What the task asks:
Print every line below exactly as written, but leave the pictures behind.

Stored data:
# # #
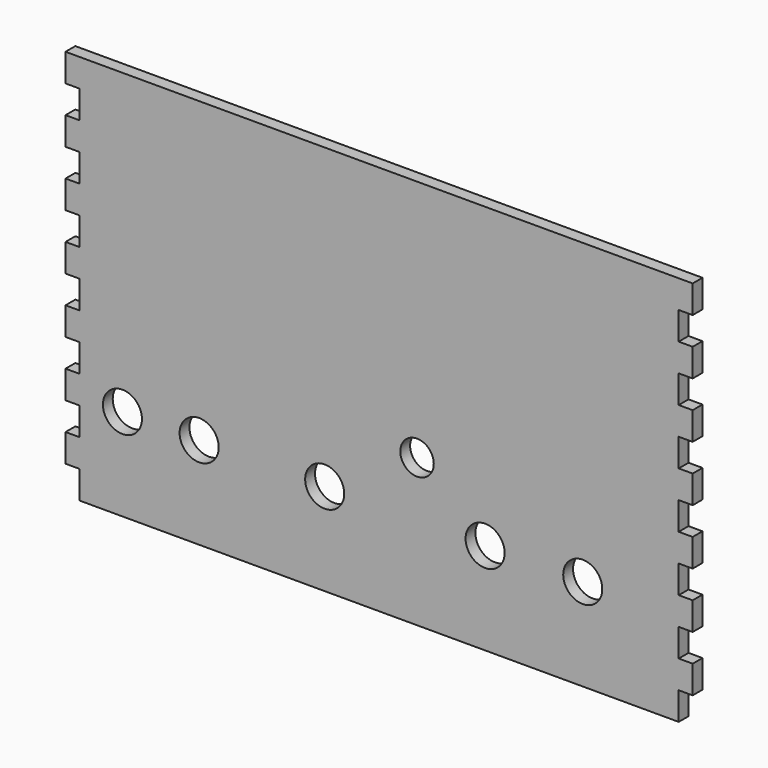
from build123d import *

# Parameters (mm, degrees)
F0_W     = 285.496
F0_H     = 177.8
F1_DEPTH = 5.588
F3_D     = 17.78
F4_W     = 6.35
F4_H     = 12.7
F5_DEPTH = 25.4
F6_R     = 7.62
F7_DEPTH = 25.4


# Not quite as in the source:
# - a pattern or mirror of a feature is missing from the dataset's text; its kind, count and spacing are read off the source's solid


with BuildPart() as f1:
    # F0 (on Front) → F1 (new body)
    with BuildSketch(Plane.XZ):
        Rectangle(F0_W, F0_H)
    extrude(amount=F1_DEPTH)

    # F3 (through all)
    with Locations(Plane(origin=(0, 0, 0), x_dir=(1, 0, 0), z_dir=(0, 1, 0))):
        with Locations((-116.84, 46.99), (-81.915, 46.99), (-24.765, 46.99), (48.26, 46.99), (92.71, 46.99)):
            Hole(F3_D / 2)

    # F4 (on Front) → F5 (cut)
    with BuildSketch(Plane.XZ):
        with Locations((139.573, 69.85)):
            Rectangle(F4_W, F4_H)
        with Locations((139.573, 44.45)):
            Rectangle(F4_W, F4_H)
        with Locations((139.573, 19.05)):
            Rectangle(F4_W, F4_H)
        with Locations((139.573, -6.35)):
            Rectangle(F4_W, F4_H)
        with Locations((139.573, -31.75)):
            Rectangle(F4_W, F4_H)
        with Locations((139.573, -57.15)):
            Rectangle(F4_W, F4_H)
        with Locations((139.573, -82.55)):
            Rectangle(F4_W, F4_H)
    f5 = extrude(amount=F5_DEPTH, mode=Mode.SUBTRACT)

    # F5_copies: F5 across plane
    add(f5.mirror(Plane(origin=(0, 0, 0), x_dir=(0, 0, -1), z_dir=(-1, 0, 0))), mode=Mode.SUBTRACT)

    # F6 (on Front) → F7 (cut)
    with BuildSketch(Plane.XZ):
        with Locations((17.272, -21.7023361474)):
            Circle(F6_R)
    extrude(amount=F7_DEPTH, mode=Mode.SUBTRACT)


solid = f1.part
# # #
Response:
from build123d import *

# Parameters (mm, degrees)
F0_W     = 285.496
F0_H     = 177.8
F1_DEPTH = 5.588
F3_D     = 17.78
F4_W     = 6.35
F4_H     = 12.7
F5_DEPTH = 25.4
F6_R     = 7.62
F7_DEPTH = 25.4


# Not quite as in the source:
# - a pattern or mirror of a feature is missing from the dataset's text; its kind, count and spacing are read off the source's solid


with BuildPart() as f1:
    # F0 (on Front) → F1 (new body)
    with BuildSketch(Plane.XZ):
        Rectangle(F0_W, F0_H)
    extrude(amount=F1_DEPTH)

    # F3 (through all)
    with Locations(Plane(origin=(0, 0, 0), x_dir=(1, 0, 0), z_dir=(0, 1, 0))):
        with Locations((-116.84, 46.99), (-81.915, 46.99), (-24.765, 46.99), (48.26, 46.99), (92.71, 46.99)):
            Hole(F3_D / 2)

    # F4 (on Front) → F5 (cut)
    with BuildSketch(Plane.XZ):
        with Locations((139.573, 69.85)):
            Rectangle(F4_W, F4_H)
        with Locations((139.573, 44.45)):
            Rectangle(F4_W, F4_H)
        with Locations((139.573, 19.05)):
            Rectangle(F4_W, F4_H)
        with Locations((139.573, -6.35)):
            Rectangle(F4_W, F4_H)
        with Locations((139.573, -31.75)):
            Rectangle(F4_W, F4_H)
        with Locations((139.573, -57.15)):
            Rectangle(F4_W, F4_H)
        with Locations((139.573, -82.55)):
            Rectangle(F4_W, F4_H)
    f5 = extrude(amount=F5_DEPTH, mode=Mode.SUBTRACT)

    # F5_copies: F5 across plane
    add(f5.mirror(Plane(origin=(0, 0, 0), x_dir=(0, 0, -1), z_dir=(-1, 0, 0))), mode=Mode.SUBTRACT)

    # F6 (on Front) → F7 (cut)
    with BuildSketch(Plane.XZ):
        with Locations((17.272, -21.7023361474)):
            Circle(F6_R)
    extrude(amount=F7_DEPTH, mode=Mode.SUBTRACT)


solid = f1.part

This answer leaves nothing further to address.